1. Create a directory where voice definition and resource files will be stored ($VOICEDIR).

2. Create a voice definition file ($VOICEDEF) in $VOICEDIR. Examples of such a file can be found in ./examples/voice.*.json. See the voice definition example.

3. Define a phoneset (e.g. ./examples/phoneset.json), place this file in $VOICEDIR and ensure that it is specified in $VOICEDEF

4. Define a pronunciation lexicon and/or addendum (e.g. ./examples/lexicon.json and ./examples/addendum.json) by placing these files in $VOICEDIR and specifying them in $VOICEDEF

Compiling grapheme-to-phoneme rewrite rules

A simple utility (./scripts/compile_g2p.py) is provided to compile rewrite rules defined in semicolon delimited text files (e.g. as can be exported by DictionaryMaker - http://dictionarymaker.sourceforge.net/) to Speect format.

The following is an example of fields in such a semicolon delimited rules file:

a;;;a;0;5599
a;a;;0;1;2364
a;;a;A;2;2252
a;;0sie;A;3;174
a;;re;A;4;103

where a single field per line has the form:

grapheme;leftcontext;rightcontext;phoneme;ordinal;statistic

Empty fields denote any context and rules are ordered from most to least general. The statistic field is not important here. Other simple semicolon delimited mapping files can also be loaded to perform grapheme or phoneme representation mappings as well as specify rules for the insertion of graphemic nulls. These files all have fields of the form: inputmapping;outputmapping with one rule per line similar to the rules file example above.

The exact syntax and additional options can be obtained by running with the --help flag and an example of a metadata configuration file for use with this utility can be found in ./examples/g2p.conf

Performing phonetic alignments

Given a set of audio files in RIFF Wave format and a text file containing corresponding orthographic transcriptions (e.g. ./examples/utts.data), the TTS frontend can be used to perform automatic phonetic alignment in order to derive acoustic models for synthesis.

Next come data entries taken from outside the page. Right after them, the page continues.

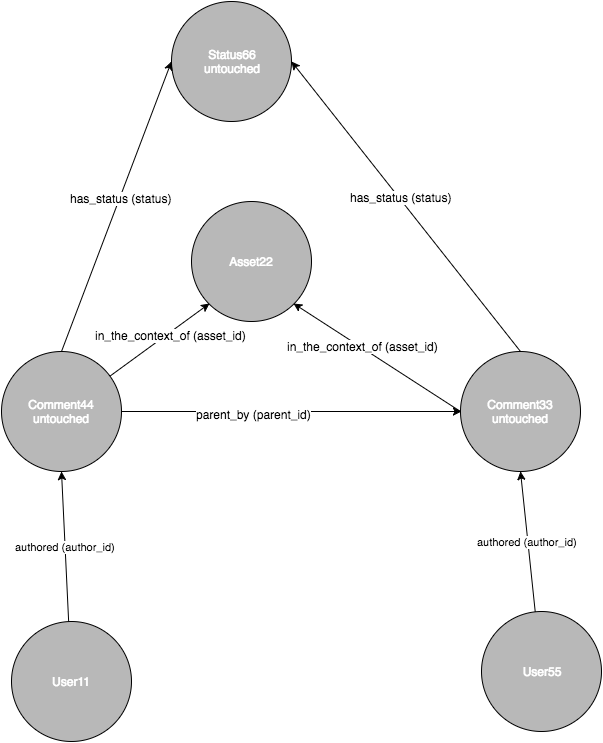

The diagram above was exported from draw.io. Its source (the exported page's mxGraphModel, read from the mxfile embedded in the PNG):
<mxGraphModel dx="1430" dy="1000" grid="1" gridSize="10" guides="1" tooltips="1" connect="1" arrows="1" fold="1" page="1" pageScale="1" pageWidth="850" pageHeight="1100" background="#ffffff" math="0" shadow="0">
  <root>
    <mxCell id="0" />
    <mxCell id="1" parent="0" />
    <mxCell id="2" value="Asset22" style="ellipse;whiteSpace=wrap;html=1;fillColor=#B8B8B8;fontColor=#FFFFFF;" vertex="1" parent="1">
      <mxGeometry x="340" y="240" width="120" height="120" as="geometry" />
    </mxCell>
    <mxCell id="4" value="" style="endArrow=none;html=1;strokeColor=#000000;strokeWidth=1;fontColor=#FFFFFF;exitX=1;exitY=1;entryX=0;entryY=0.5;endFill=0;startArrow=classic;startFill=1;" edge="1" source="2" target="19" parent="1">
      <mxGeometry x="599" y="430" width="50" height="50" as="geometry">
        <mxPoint x="3" y="430" as="sourcePoint" />
        <mxPoint x="53" y="380" as="targetPoint" />
      </mxGeometry>
    </mxCell>
    <mxCell id="5" value="in_the_context_of (asset_id)" style="text;html=1;resizable=0;points=[];align=center;verticalAlign=middle;labelBackgroundColor=#ffffff;" vertex="1" connectable="0" parent="4">
      <mxGeometry x="-0.1864" y="2" relative="1" as="geometry">
        <mxPoint as="offset" />
      </mxGeometry>
    </mxCell>
    <mxCell id="8" value="User11" style="ellipse;whiteSpace=wrap;html=1;fillColor=#B8B8B8;fontColor=#FFFFFF;" vertex="1" parent="1">
      <mxGeometry x="160" y="660" width="120" height="120" as="geometry" />
    </mxCell>
    <mxCell id="11" value="" style="endArrow=none;html=1;strokeColor=#000000;exitX=1;exitY=0.5;entryX=0.5;entryY=0;endFill=0;startArrow=classic;startFill=1;" edge="1" source="18" target="19" parent="1">
      <mxGeometry x="415" y="689" width="50" height="50" as="geometry">
        <mxPoint x="10" y="567" as="sourcePoint" />
        <mxPoint x="557" y="689" as="targetPoint" />
      </mxGeometry>
    </mxCell>
    <mxCell id="12" value="has_status (status)" style="text;html=1;resizable=0;points=[];align=center;verticalAlign=middle;labelBackgroundColor=#ffffff;" vertex="1" connectable="0" parent="11">
      <mxGeometry x="-0.0572" y="1" relative="1" as="geometry">
        <mxPoint as="offset" />
      </mxGeometry>
    </mxCell>
    <mxCell id="13" value="authored (author_id)" style="endArrow=classic;html=1;strokeColor=#000000;entryX=0.5;entryY=1;endFill=1;startArrow=none;startFill=0;" edge="1" source="8" target="20" parent="1">
      <mxGeometry x="230" y="647" width="50" height="50" as="geometry">
        <mxPoint x="10" y="567" as="sourcePoint" />
        <mxPoint x="60" y="517" as="targetPoint" />
      </mxGeometry>
    </mxCell>
    <mxCell id="18" value="Status66&lt;div&gt;untouched&lt;/div&gt;" style="ellipse;whiteSpace=wrap;html=1;fillColor=#B8B8B8;fontColor=#FFFFFF;" vertex="1" parent="1">
      <mxGeometry x="320" y="40" width="120" height="120" as="geometry" />
    </mxCell>
    <mxCell id="19" value="Comment33&lt;div&gt;untouched&lt;/div&gt;" style="ellipse;whiteSpace=wrap;html=1;fillColor=#B8B8B8;fontColor=#FFFFFF;" vertex="1" parent="1">
      <mxGeometry x="609" y="390" width="120" height="120" as="geometry" />
    </mxCell>
    <mxCell id="20" value="Comment44&lt;div&gt;untouched&lt;/div&gt;" style="ellipse;whiteSpace=wrap;html=1;fillColor=#B8B8B8;fontColor=#FFFFFF;" vertex="1" parent="1">
      <mxGeometry x="150" y="390" width="120" height="120" as="geometry" />
    </mxCell>
    <mxCell id="21" value="" style="endArrow=none;html=1;strokeColor=#000000;strokeWidth=1;fontColor=#FFFFFF;exitX=0;exitY=1;endFill=0;startArrow=classic;startFill=1;" edge="1" parent="1" source="2" target="20">
      <mxGeometry x="609" y="440" width="50" height="50" as="geometry">
        <mxPoint x="390" y="420" as="sourcePoint" />
        <mxPoint x="590" y="390" as="targetPoint" />
      </mxGeometry>
    </mxCell>
    <mxCell id="22" value="in_the_context_of (asset_id)" style="text;html=1;resizable=0;points=[];align=center;verticalAlign=middle;labelBackgroundColor=#ffffff;" vertex="1" connectable="0" parent="21">
      <mxGeometry x="-0.1864" y="2" relative="1" as="geometry">
        <mxPoint as="offset" />
      </mxGeometry>
    </mxCell>
    <mxCell id="23" value="User55" style="ellipse;whiteSpace=wrap;html=1;fillColor=#B8B8B8;fontColor=#FFFFFF;" vertex="1" parent="1">
      <mxGeometry x="630" y="650" width="120" height="120" as="geometry" />
    </mxCell>
    <mxCell id="24" value="authored (author_id)" style="endArrow=classic;html=1;strokeColor=#000000;entryX=0.5;entryY=1;endFill=1;startArrow=none;startFill=0;" edge="1" parent="1" source="23" target="19">
      <mxGeometry x="240" y="657" width="50" height="50" as="geometry">
        <mxPoint x="240" y="667" as="sourcePoint" />
        <mxPoint x="220" y="520" as="targetPoint" />
      </mxGeometry>
    </mxCell>
    <mxCell id="25" value="" style="endArrow=classic;html=1;strokeColor=#000000;exitX=1;exitY=0.5;" edge="1" parent="1" source="20">
      <mxGeometry x="222" y="615" width="50" height="50" as="geometry">
        <mxPoint x="470" y="670" as="sourcePoint" />
        <mxPoint x="610" y="450" as="targetPoint" />
      </mxGeometry>
    </mxCell>
    <mxCell id="26" value="parent_by (parent_id)" style="text;html=1;resizable=0;points=[];align=center;verticalAlign=middle;labelBackgroundColor=#ffffff;" vertex="1" connectable="0" parent="25">
      <mxGeometry x="-0.2261" y="-2" relative="1" as="geometry">
        <mxPoint as="offset" />
      </mxGeometry>
    </mxCell>
    <mxCell id="27" value="" style="endArrow=none;html=1;strokeColor=#000000;exitX=0;exitY=0.5;entryX=0.5;entryY=0;endFill=0;startArrow=classic;startFill=1;" edge="1" parent="1" source="18" target="20">
      <mxGeometry x="425" y="699" width="50" height="50" as="geometry">
        <mxPoint x="432" y="68" as="sourcePoint" />
        <mxPoint x="679" y="400" as="targetPoint" />
      </mxGeometry>
    </mxCell>
    <mxCell id="28" value="has_status (status)" style="text;html=1;resizable=0;points=[];align=center;verticalAlign=middle;labelBackgroundColor=#ffffff;" vertex="1" connectable="0" parent="27">
      <mxGeometry x="-0.0572" y="1" relative="1" as="geometry">
        <mxPoint as="offset" />
      </mxGeometry>
    </mxCell>
  </root>
</mxGraphModel>

For this purpose, the scripts ./scripts/do_build_setup.py and ./scripts/do_alignments.py can be used as described below.

Running:

do_build_setup.py -w $SOURCE_WAVDIR -u $SOURCE_TRANSCRFILE -o $BUILD_ROOTDIR

should set up a directory structure at $BUILD_ROOTDIR to contain a default configuration and downsampled, power normalised audio files which looks like this:

.
|-- etc
|   |-- feats.conf
|   |-- halign.conf
|   |-- halign_feats.conf
|   |-- halign_hmmproto
|   `-- utts.data
`-- wavs
    |-- ...
    |-- ...

The configuration files in $BUILD_ROOTDIR/etc can be edited if desired (an important speaker-specific parameter is the voice pitch range which can be set in feats.conf).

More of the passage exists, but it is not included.